# Largest Master Cylinder possible in MK2 or Corrado G60 non ABS brake booster



## turbo bunny (Dec 9, 2000)

As the topic says I am looking for the largest stock OEM VW master cylinder that will mount in a mk2 or corrado g60 non abs brake booster. Stock G60 is 22mm. Will the mk4 23.41mm master cylinder bolt directly to this booster? Anyone know of any others? Thanks in advance.


----------



## Boosted Rado (Feb 6, 2001)

*Re: Largest Master Cylinder possible in MK2 or Corrado G60 non ABS brake booster (turbo bunny)*

yeah i am interested in this too....
good question turbo bunny!


----------



## The Prof (Jul 18, 2002)

*Re: Largest Master Cylinder possible in MK2 or Corrado G60 non ABS brake booster (Boosted Rado)*

late a3 vr 23mm fits ok 1997 ish


----------



## Dimitri16V (Jul 4, 2002)

*Re: Largest Master Cylinder possible in MK2 or Corrado G60 non ABS brake booster (The Prof)*

If the G60 fits in my Scirocco and the Audi 25.4mm does also, then you could probably install the Audi one. i didn't notice any improvement though unless you plan on running HUGE brakes and multipistoned calipers. Audi is aluminum so corrosion will be less of a problem.


----------



## turbo bunny (Dec 9, 2000)

*Re: Largest Master Cylinder possible in MK2 or Corrado G60 non ABS brake booster (Dimitri16V)*

Thanks. I know VW has a 25.4mm master cyl in the eurovan but not sure if it will fit in the non abs g60 brake booster. What Audi does the 25.4mm master cyl come in? Is is the standard 2 bolt mount style with 4 lines coming out of it and 2 ports on top for the brake fluid reservoir?

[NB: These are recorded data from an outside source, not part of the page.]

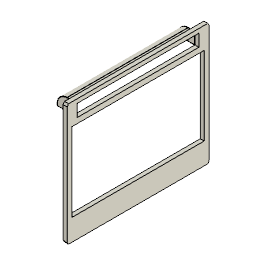
LCD mount (Autodesk Fusion 360 design; units mm, degrees)
part number: 2026-06-29-18-25-40-189
Autodesk Fusion 360 part; units mm, degrees
sketch "Sketch1" plane through (0, 0, 0) normal (1, 0, 0) x (0, 1, 0)
  line L0 (87.5, 75) -> (-87.5, 75)
  line L1 (-87.5, 75) -> (-87.5, -75)
  line L2 (-87.5, -75) -> (87.5, -75)
  line L3 (87.5, -75) -> (87.5, 75)
  line L4 (87.5, 75) -> (-87.5, -75) construction
  line L5 (-87.5, 75) -> (87.5, -75) construction
  line L6 (-87.5, 72.5134) -> (-85.8217, 75)
  line L7 (0, 75) -> (0, -75) construction
  line L8 (-87.5, 0) -> (87.5, 0) construction
  line L9 (87.5, 72.5134) -> (85.8217, 75)
  line L10 (87.5, -72.5134) -> (85.8217, -75)
  line L11 (-87.5, -72.5134) -> (-85.8217, -75)
  line L12 (81.5, 48.35) -> (-81.5, 48.35)
  line L13 (-81.5, 48.35) -> (-81.5, -48.35)
  line L14 (-81.5, -48.35) -> (81.5, -48.35)
  line L15 (81.5, -48.35) -> (81.5, 48.35)
  line L16 (81.5, 48.35) -> (-81.5, -48.35) construction
  line L17 (-81.5, 48.35) -> (81.5, -48.35) construction
  line L18 (75, 55) -> (-75, 55)
  line L19 (-75, 55) -> (-75, 70)
  line L20 (-75, 70) -> (75, 70)
  line L21 (75, 70) -> (75, 55)
  line L22 (75, 55) -> (-75, 70) construction
  line L23 (-75, 55) -> (75, 70) construction
  point P0 (0, 62.5)
  dimension "d1" = 175
  dimension "d2" = 150
  dimension "d3" = 3
  dimension "d4" = 163
  dimension "d5" = 96.7
  dimension "d8" = 150
  dimension "d9" = 15
  dimension "d10" = 5
  constraint horizontal L0
  constraint perpendicular L0 L1
  constraint parallel L0 L2
  constraint parallel L1 L3
  constraint coincident L4 origin
  constraint coincident L5 origin
  constraint coincident L1 L6.start
  constraint coincident L0 L6.end
  constraint midpoint L0 L7.start
  constraint midpoint L2 L7.end
  constraint midpoint L1 L8.start
  constraint midpoint L3 L8.end
  constraint symmetric L6.start L7 L9.start
  constraint symmetric L6.end L7 L9.end
  constraint symmetric L6.start L8 L11.start
  constraint symmetric L6.end L8 L11.end
  constraint symmetric L8 L9.start L10.start
  constraint symmetric L8 L9.end L10.end
  constraint horizontal L12
  constraint perpendicular L12 L13
  constraint parallel L12 L14
  constraint parallel L13 L15
  constraint coincident L16 origin
  constraint coincident L17 origin
  constraint horizontal L18
  constraint perpendicular L18 L19
  constraint parallel L18 L20
  constraint parallel L19 L21
  constraint coincident L22 P0
  constraint coincident L23 P0
  constraint coincident L7 P0
  measures "d1" distance of L1.end L2.end
  measures "d2" distance of L0.end L1.end
  measures "d3" distance of L6.start L6.end
  measures "d4" distance of L13.end L14.end
  measures "d5" distance of L12.end L13.end
  measures "d8" distance of L19.end L20.end
  measures "d9" distance of L18.end L19.end
  measures "d10" distance of L0 L20
extrude "Extrude1" add sketch "Sketch1" along normal blind 5 contours L0 L1 L2 L3 L6 L9 L10 L11 | L18 L19 L20 L21 makes body 1
extrude "Extrude2" cut sketch "Sketch1" along normal blind 10 contours L18 L19 L20 L21 bodies 1
sketch "Sketch2" plane through (0, 0, 0) normal (-1, 0, 0) x (0, -1, 0)
  line L0 (-75, 55) -> (-75, 70)
  line L1 (-75, 70) -> (75, 70)
  line L2 (75, 70) -> (75, 55)
  line L3 (75, 55) -> (-75, 55)
  line L4 (-81.5, -48.35) -> (-81.5, 48.35)
  line L5 (-81.5, 48.35) -> (81.5, 48.35)
  line L6 (81.5, 48.35) -> (81.5, -48.35)
  line L7 (81.5, -48.35) -> (-81.5, -48.35)
  line L8 (87.5, -72.5134) -> (87.5, 72.5134)
  line L9 (87.5, 72.5134) -> (85.8217, 75)
  line L10 (85.8217, 75) -> (-85.8217, 75)
  line L11 (-85.8217, 75) -> (-87.5, 72.5134)
  line L12 (-87.5, 72.5134) -> (-87.5, -72.5134)
  line L13 (-87.5, -72.5134) -> (-85.8217, -75)
  line L14 (-85.8217, -75) -> (85.8217, -75)
  line L15 (85.8217, -75) -> (87.5, -72.5134)
ref_plane "WorkPlane1" through (0, 75, 0) normal (0, 1, 0) x (0, 0, 1)
sketch "Sketch3" plane through (0, 75, 0) normal (0, 1, 0) x (1, 0, 0)
  line L0 (0, -55) -> (-20, -55)
  line L1 (0, -70) -> (-7.75, -70)
  spline S0 degree 1 poles (-20, -55) (-20, -57.75) knots 0 0 0.183333 0.183333
  arc A0 (-20, -57.75) -> (-7.75, -70) centre (-7.75, -57.75) ccw
  line L2 (-20, -55) -> (-20, -57.75) construction
  line L3 (0, -70) -> (0, -55)
  line L4 (0, -69.5) -> (-7.75, -69.5)
  arc A1 (-19.5, -57.75) -> (-7.75, -69.5) centre (-7.75, -57.75) ccw
  spline S1 degree 1 poles (-19.5, -55) (-19.5, -57.75) knots 0 0 0.275 0.275
  point P0 (0, -70)
  point P1 (0, -55)
  dimension "d14" = 20
  dimension "d15" = 12.25
  dimension "d16" = -0.5
  dimension "d17" = -0.5
  constraint horizontal L0
  constraint coincident P0 L1.start
  constraint horizontal L1
  constraint tangent S0 A0
  constraint tangent L1 A0
  constraint perpendicular L0 L3
  measures "d14" distance of L0.start L0.end
  measures "d15" radius of A0
extrude "Extrude3" add sketch "Sketch3" against normal blind 150 separate body contours L0 L1 S0 A0 L3 L4 A1 S1 makes body 2
extrude "Extrude4" add sketch "Sketch3" against normal blind 0.5 separate body contours L0 L3 L4 A1 S1 makes body 3
mirror "Mirror1" about plane through (0, 0, 0) normal (0, 1, 0) of bodies 3 makes body 4
fillet "Fillet1" radius 0.5 3 edges at (-3.875, 75, 70) (-16.4121, 75, 66.4121) (-20, 75, 56.375) on bodies 2
fillet "Fillet2" radius 0.1 1 edges at (-9.75, 75, 55) on bodies 3
fillet "Fillet3" radius 0.1 2 edges at (-19.8536, 74.8536, 55) (-20, -0.25, 55) on bodies 2
fillet "Fillet4" radius 0.1 1 edges at (-9.75, -75, 55) on bodies 4
fillet "Fillet5" radius 0.1 5 edges at (-3.875, -75, 70) (-16.4121, -75, 66.4121) (-20, -75, 56.425) (-19.9707, -75, 55.0293) (-19.7, -75, 55) on bodies 2
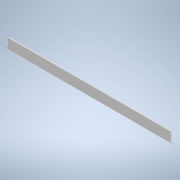
# Autodesk Inventor part: Acrylic Relief Guide
Saved by Autodesk Inventor 2020 (Build 240168000, 168)
## iProperties
Created: 2020-03-19
Part Number: Acrylic Relief Guide
Material: Generic
Document SubType Name: Modeling
Designer: DasNick
Density: 1 g/cm^3
Appearance: Default
Author: DasNick
Autodesk Inventor part; units mm, degrees
ref_plane "YZ Plane" through (0, 0, 0) normal (1, 0, 0) x (0, 1, 0)
ref_plane "XZ Plane" through (0, 0, 0) normal (0, 1, 0) x (-1, 0, 0)
ref_plane "XY Plane" through (0, 0, 0) normal (0, 0, 1) x (1, 0, 0)
sketch "Sketch1" plane through (0, 0, 0) normal (0, 0, 1) x (1, 0, 0)
  line L0 (34.925, -25.4) -> (34.925, 25.4) projected
  line L1 (34.925, 25.4) -> (-34.925, 25.4) projected
  line L2 (-34.925, 25.4) -> (-34.925, -25.4) projected
  line L3 (-34.925, -25.4) -> (34.925, -25.4) projected
  circle A0 centre (-30.1625, -16.6687) radius 2.3812 projected
  circle A1 centre (30.1625, -16.6688) radius 2.3812 projected
  circle A2 centre (30.1625, 15.0812) radius 2.3812 projected
  circle A3 centre (-30.1625, 15.0813) radius 2.3812 projected
  line L4 (771.525, -25.4) -> (771.525, 25.4) projected
  line L5 (771.525, 25.4) -> (701.675, 25.4) projected
  line L6 (701.675, 25.4) -> (701.675, -25.4) projected
  line L7 (701.675, -25.4) -> (771.525, -25.4) projected
  circle A4 centre (706.4375, -16.6688) radius 2.3812 projected
  circle A5 centre (766.7625, -16.6688) radius 2.3812 projected
  circle A6 centre (766.7625, 15.0812) radius 2.3812 projected
  circle A7 centre (706.4375, 15.0812) radius 2.3812 projected
  line L8 (34.925, -25.4) -> (701.675, -25.4)
  line L9 (701.675, 25.4) -> (34.925, 25.4)
  point P0 (0, 0)
  constraints: 4 end point, 1 parallel, 1 perpendicular
extrude "Extrusion1" add sketch "Sketch1" along normal blind 6.35
sketch "Sketch2" plane through (0, 0, 6.35) normal (0, 0, 1) x (1, 0, 0)
  line L0 (-34.925, 25.4) -> (-34.925, -25.4) projected
  line L1 (-34.925, 25.4) -> (-60.325, 25.4)
  line L2 (-60.325, 25.4) -> (-60.325, -25.4)
  line L3 (-60.325, -25.4) -> (-34.925, -25.4)
  line L4 (-34.925, -25.4) -> (-34.925, 25.4)
  circle A0 centre (-50.419, 12.7) radius 3.175
  circle A1 centre (-50.419, -12.7) radius 3.175
  point P0 (0, 0)
  dimension "d2" = 25.4
  dimension "d3" = 6.35
  dimension "d4" = 6.35
  dimension "d9" = 25.4
  dimension "d10" = 12.7
  constraints: 8 end point, 2 centre point
  measures "d2" distance of L0.start L1.end
  measures "d3" diameter of A0
  measures "d4" diameter of A1
  measures "d9" distance of A0.centre A1.centre
  measures "d10" distance from line of L1 A0.centre
extrude "Extrusion2" add sketch "Sketch2" against normal blind 6.35
body "Solid1"
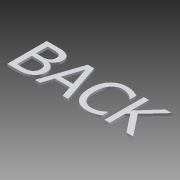
# Autodesk Inventor part: BackLabel
Saved by Autodesk Inventor 2012 (Build 160160000, 160)
## iProperties
Created: 2014-07-21
Part Number: BackLabel
Material: Default
Document SubType Name: Modeling
Designer: Anon
Density: 1 g/cm^3
Author: Anon
Autodesk Inventor part; units mm, degrees
ref_plane "YZ Plane" through (0, 0, 0) normal (1, 0, 0) x (0, 1, 0)
ref_plane "XZ Plane" through (0, 0, 0) normal (0, 1, 0) x (-1, 0, 0)
ref_plane "XY Plane" through (0, 0, 0) normal (0, 0, 1) x (1, 0, 0)
sketch "Sketch1" plane through (0, 0, 0) normal (0, 0, 1) x (1, 0, 0)
  line L0 (-14.2269, 7.3651) -> (16.5142, 7.3651) construction
  line L1 (16.5142, 7.3651) -> (16.5142, -10.6587) construction
  line L2 (16.5142, -10.6587) -> (-14.2269, -10.6587) construction
  line L3 (-14.2269, -10.6587) -> (-14.2269, 7.3651) construction
  spline S0 degree 2 poles (-11.4984, 4.8776) (-11.4984, 4.6167) (-11.6969, 4.2168) (-11.8614, 4.0863) knots 0 0 0 1 2 2 2
  spline S1 degree 2 poles (-11.8614, 4.0863) (-12.06, 3.9331) (-12.5109, 3.8027) (-12.8683, 3.8027) knots 0 0 0 1 2 2 2
  line L4 (-12.8683, 3.8027) -> (-13.8724, 3.8027)
  line L5 (-13.8724, 3.8027) -> (-13.8724, 7.3027)
  line L6 (-13.8724, 7.3027) -> (-12.9449, 7.3027)
  spline S2 degree 2 poles (-12.9449, 7.3027) (-12.5705, 7.3027) (-12.1961, 7.2544) (-12.0259, 7.1608) knots 0 0 0 1 2 2 2
  spline S3 degree 2 poles (-12.0259, 7.1608) (-11.8359, 7.0616) (-11.6629, 6.7354) (-11.6629, 6.5142) knots 0 0 0 1 2 2 2
  spline S4 degree 2 poles (-11.6629, 6.5142) (-11.6629, 6.2674) (-11.9238, 5.876) (-12.1536, 5.7654) knots 0 0 0 1 2 2 2
  line L7 (-12.1536, 5.7654) -> (-12.1536, 5.7484)
  spline S5 degree 2 poles (-12.1536, 5.7484) (-11.8416, 5.6633) (-11.4984, 5.2123) (-11.4984, 4.8776) knots 0 0 0 1 2 2 2
  spline S6 degree 2 poles (-11.9834, 4.8578) (-11.9834, 5.0563) (-12.0968, 5.3116) (-12.267, 5.4023) knots 0 0 0 1 2 2 2
  spline S7 degree 2 poles (-12.267, 5.4023) (-12.3776, 5.4591) (-12.6386, 5.4931) (-12.8797, 5.4931) knots 0 0 0 1 2 2 2
  line L8 (-12.8797, 5.4931) -> (-13.4072, 5.4931)
  line L9 (-13.4072, 5.4931) -> (-13.4072, 4.1997)
  line L10 (-13.4072, 4.1997) -> (-13.03, 4.1997)
  spline S8 degree 2 poles (-13.03, 4.1997) (-12.7237, 4.1997) (-12.372, 4.2565) (-12.2358, 4.3472) knots 0 0 0 1 2 2 2
  spline S9 degree 2 poles (-12.2358, 4.3472) (-12.1053, 4.4408) (-11.9834, 4.6734) (-11.9834, 4.8578) knots 0 0 0 1 2 2 2
  spline S10 degree 2 poles (-12.1479, 6.4489) (-12.1479, 6.5737) (-12.233, 6.7609) (-12.3266, 6.8148) knots 0 0 0 1 2 2 2
  spline S11 degree 2 poles (-12.3266, 6.8148) (-12.44, 6.8772) (-12.7151, 6.9056) (-12.9619, 6.9056) knots 0 0 0 1 2 2 2
  line L11 (-12.9619, 6.9056) -> (-13.4072, 6.9056)
  line L12 (-13.4072, 6.9056) -> (-13.4072, 5.8817)
  line L13 (-13.4072, 5.8817) -> (-12.8797, 5.8817)
  spline S12 degree 2 poles (-12.8797, 5.8817) (-12.6613, 5.8817) (-12.4542, 5.927) (-12.3436, 5.998) knots 0 0 0 1 2 2 2
  spline S13 degree 2 poles (-12.3436, 5.998) (-12.2358, 6.066) (-12.1479, 6.2844) (-12.1479, 6.4489) knots 0 0 0 1 2 2 2
  line L14 (-11.4133, 3.8027) -> (-10.2334, 7.3027)
  line L15 (-10.2334, 7.3027) -> (-9.6604, 7.3027)
  line L16 (-9.6604, 7.3027) -> (-8.4805, 3.8027)
  line L17 (-8.4805, 3.8027) -> (-8.9712, 3.8027)
  line L18 (-8.9712, 3.8027) -> (-9.2889, 4.7812)
  line L19 (-9.2889, 4.7812) -> (-10.6248, 4.7812)
  line L20 (-10.6248, 4.7812) -> (-10.9425, 3.8027)
  line L21 (-10.9425, 3.8027) -> (-11.4133, 3.8027)
  line L22 (-9.4165, 5.1783) -> (-9.9583, 6.8262)
  line L23 (-9.9583, 6.8262) -> (-10.4972, 5.1783)
  line L24 (-10.4972, 5.1783) -> (-9.4165, 5.1783)
  spline S14 degree 2 poles (-6.7816, 3.7403) (-7.122, 3.7403) (-7.6977, 3.97) (-7.9076, 4.1997) knots 0 0 0 1 2 2 2
  spline S15 degree 2 poles (-7.9076, 4.1997) (-8.1175, 4.4266) (-8.3472, 5.1074) (-8.3472, 5.5498) knots 0 0 0 1 2 2 2
  spline S16 degree 2 poles (-8.3472, 5.5498) (-8.3472, 5.9894) (-8.1232, 6.6418) (-7.9104, 6.8829) knots 0 0 0 1 2 2 2
  spline S17 degree 2 poles (-7.9104, 6.8829) (-7.7006, 7.1183) (-7.1276, 7.3651) (-6.7731, 7.3651) knots 0 0 0 1 2 2 2
  spline S18 degree 2 poles (-6.7731, 7.3651) (-6.5972, 7.3651) (-6.2881, 7.314) (-6.1576, 7.2743) knots 0 0 0 1 2 2 2
  spline S19 degree 2 poles (-6.1576, 7.2743) (-6.0442, 7.2374) (-5.8087, 7.1325) (-5.6925, 7.0701) knots 0 0 0 1 2 2 2
  line L25 (-5.6925, 7.0701) -> (-5.6925, 6.5085)
  line L26 (-5.6925, 6.5085) -> (-5.7293, 6.5085)
  spline S20 degree 2 poles (-5.7293, 6.5085) (-5.7917, 6.5652) (-5.9846, 6.724) (-6.1236, 6.8006) knots 0 0 0 1 2 2 2
  spline S21 degree 2 poles (-6.1236, 6.8006) (-6.2569, 6.8744) (-6.5717, 6.968) (-6.7759, 6.968) knots 0 0 0 1 2 2 2
  spline S22 degree 2 poles (-6.7759, 6.968) (-7, 6.968) (-7.3999, 6.7836) (-7.5502, 6.6078) knots 0 0 0 1 2 2 2
  spline S23 degree 2 poles (-7.5502, 6.6078) (-7.6977, 6.4291) (-7.8622, 5.8873) (-7.8622, 5.5498) knots 0 0 0 1 2 2 2
  spline S24 degree 2 poles (-7.8622, 5.5498) (-7.8622, 5.1896) (-7.6892, 4.6706) (-7.5389, 4.4919) knots 0 0 0 1 2 2 2
  spline S25 degree 2 poles (-7.5389, 4.4919) (-7.3914, 4.3189) (-6.9972, 4.143) (-6.7759, 4.143) knots 0 0 0 1 2 2 2
  spline S26 degree 2 poles (-6.7759, 4.143) (-6.5745, 4.143) (-6.2314, 4.2423) (-6.098, 4.316) knots 0 0 0 1 2 2 2
  spline S27 degree 2 poles (-6.098, 4.316) (-5.9704, 4.3898) (-5.7804, 4.5429) (-5.7265, 4.5968) knots 0 0 0 1 2 2 2
  line L27 (-5.7265, 4.5968) -> (-5.6925, 4.5968)
  line L28 (-5.6925, 4.5968) -> (-5.6925, 4.0409)
  spline S28 degree 2 poles (-5.6925, 4.0409) (-5.8087, 3.987) (-6.013, 3.8877) (-6.1576, 3.8424) knots 0 0 0 1 2 2 2
  spline S29 degree 2 poles (-6.1576, 3.8424) (-6.3108, 3.7913) (-6.5717, 3.7403) (-6.7816, 3.7403) knots 0 0 0 1 2 2 2
  line L29 (-2.7058, 3.8027) -> (-3.31, 3.8027)
  line L30 (-3.31, 3.8027) -> (-4.5891, 5.4307)
  line L31 (-4.5891, 5.4307) -> (-4.7933, 5.2009)
  line L32 (-4.7933, 5.2009) -> (-4.7933, 3.8027)
  line L33 (-4.7933, 3.8027) -> (-5.2585, 3.8027)
  line L34 (-5.2585, 3.8027) -> (-5.2585, 7.3027)
  line L35 (-5.2585, 7.3027) -> (-4.7933, 7.3027)
  line L36 (-4.7933, 7.3027) -> (-4.7933, 5.6945)
  line L37 (-4.7933, 5.6945) -> (-3.3582, 7.3027)
  line L38 (-3.3582, 7.3027) -> (-2.7909, 7.3027)
  line L39 (-2.7909, 7.3027) -> (-4.2403, 5.7398)
  line L40 (-4.2403, 5.7398) -> (-2.7058, 3.8027)
  point P0 (0, 0)
  constraints: 2 other
extrude "BackLabel" add sketch "Sketch1" along normal blind 0.2
body "Solid1"
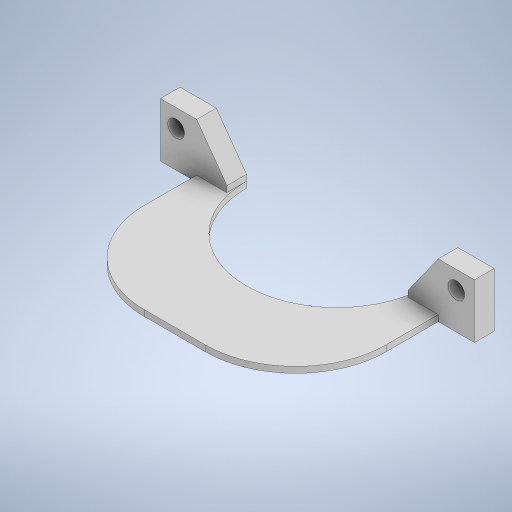
# Autodesk Inventor part: PartsForRaspibase
Saved by Autodesk Inventor 2024.2 (Build 282272000, 272)
## iProperties
Created: 2024-04-03
Part Number: PartsForRaspibase
Material: 一般
Document SubType Name: Modeling
Designer: yukin
Density: 1 g/cm^3
Appearance: 既定
Author: yukin
Autodesk Inventor part; units mm, degrees
ref_plane "YZ Plane" through (0, 0, 0) normal (1, 0, 0) x (0, 1, 0)
ref_plane "XZ Plane" through (0, 0, 0) normal (0, 1, 0) x (-1, 0, 0)
ref_plane "XY Plane" through (0, 0, 0) normal (0, 0, 1) x (1, 0, 0)
sketch "スケッチ1" plane through (0, 0, 0) normal (0, 1, 0) x (-1, 0, 0)
  line L0 (0, 0) -> (40, 0)
  line L1 (40, 0) -> (40, -26.8558)
  line L2 (40, -26.8558) -> (0, -26.8558)
  line L3 (0, -26.8558) -> (0, 0)
  circle A0 centre (20, -26.8558) radius 15
  line L4 (20, -26.8558) -> (20, 0)
  line L5 (40, -23.6058) -> (40, -26.8558)
  line L6 (0, -23.6058) -> (0, -26.8558)
  circle A1 centre (20, -26.8558) radius 17
  line L7 (40, -26.8558) -> (46, -26.8558)
  line L8 (46, -26.8558) -> (46, -23.6058)
  line L9 (46, -23.6058) -> (40, -23.6058)
  line L10 (40, -23.6058) -> (40, -26.8558)
  line L11 (0, -23.6058) -> (0, -26.8558)
  line L12 (0, -26.8558) -> (-6, -26.8558)
  line L13 (-6, -26.8558) -> (-6, -23.6058)
  line L14 (-6, -23.6058) -> (0, -23.6058)
  line L15 (0, -23.6058) -> (0, -26.8558)
  point P0 (35, -26.8558)
  point P1 (5, -26.8558)
  dimension "d0" = 40
  dimension "d1" = 30
  dimension "d16" = 34
  dimension "d18" = 6
  dimension "d19" = 3.25
  constraints: 32 end point, 5 symmetric about line, 4 parallel, 2 centre point, 2 horizontal, 2 midpoint, 2 perpendicular, 1 coincident
  measures "d0" distance of L1.end L2.end
  measures "d1" diameter of A0
  measures "d16" diameter of A1
  measures "d18" distance of L9.end L8.end
  measures "d19" distance of L8.end L7.end
extrude "押し出し1" add sketch "スケッチ1" along normal blind 1 contours L0 L4 A1 L2 L3 | L0 L1 L2 A1 L4 | A1 L2 A0 L4 | L4 A0 L2 A1 | L4 L2 A0 | A0 L2 L4
fillet "フィレット1" radius 15 2 edges at (-40, 0.5, 0) (0, 0.5, 0)
extrude "押し出し4" add sketch "スケッチ1" along normal blind 9 contours L3 L12 L13 L14 | L9 L8 L7 L1
sketch "スケッチ7" plane through (6, 0, -26.8558) normal (0, 0, -1) x (-1, 0, 0)
  circle A0 centre (3, 6) radius 1.375
  line L0 (6, 1) -> (6, 9) projected
  line L1 (0, 9) -> (6, 9) projected
  circle A1 centre (49.4019, 6) radius 1.375
  line L2 (46, 9) -> (52, 9) projected
  line L3 (52, 0) -> (52, 9) projected
  point P0 (6, 0)
  point P1 (3, 9)
  point P2 (52, 4.5)
  dimension "d22" = 2.75
  dimension "d23" = 3
  dimension "d24" = 3
  dimension "d25" = 2.75
  dimension "d26" = 3
  dimension "d27" = 3
  constraints: 2 centre point, 2 midpoint
  measures "d22" diameter of A0
  measures "d23" distance from line of L0 A0.centre
  measures "d24" distance of A0.centre point (3, 9)
  measures "d25" diameter of A1
  measures "d26" distance from line of A1.centre L2
  measures "d27" distance of point (52, 4.5) A1.centre
extrude "押し出し5" cut sketch "スケッチ7" against normal blind 6
extrude "押し出し6" cut sketch "スケッチ1" along normal blind 1 contours L4 L2 A0 | A0 L2 L4
sketch "スケッチ9" plane through (6, 9, -26.8558) normal (0, 0, -1) x (-1, 0, 0)
  line L0 (6, -8) -> (6, 0) projected
  line L1 (6, -8) -> (11, -8)
  line L2 (11, -8) -> (11, -7)
  line L3 (11, -7) -> (6, -7)
  line L4 (6, -7) -> (6, -8)
  line L5 (6, 0) -> (11, -7)
  line L6 (41, -8) -> (41, -9) projected
  line L7 (52, 0) -> (46, 0) projected
  line L8 (46, -8) -> (46, 0) projected
  line L9 (46, -8) -> (41, -8)
  line L10 (41, -8) -> (41, -7)
  line L11 (41, -7) -> (46, -7)
  line L12 (46, -7) -> (46, -8)
  line L13 (46, 0) -> (41, -7)
  point P0 (6, -9)
  dimension "d32" = 5
  dimension "d33" = 1
  dimension "d38" = 5
  constraints: 20 end point, 4 parallel, 2 horizontal, 2 perpendicular
  measures "d32" distance of L3.end L2.end
  measures "d33" distance of L2.end L1.end
  measures "d38" distance of L10.end L11.end
extrude "押し出し7" add sketch "スケッチ9" against normal blind 3.25

The front brakes are 4 piston each, and much larger diameter rotors...this is the reason I want a larger diamter master cyl.


----------



## nscirocco (Oct 4, 2000)

*Re: Largest Master Cylinder possible in MK2 or Corrado G60 non ABS brake booster (turbo bunny)*

think it's
Audi COUPE QUATTRO 20V 1989-1991 non abs


----------



## Dimitri16V (Jul 4, 2002)

*Re: Largest Master Cylinder possible in MK2 or Corrado G60 non ABS brake booster (nscirocco)*

yep, most likely the Eurovan MC is the Audi one but it's the ABS probably and not useful


----------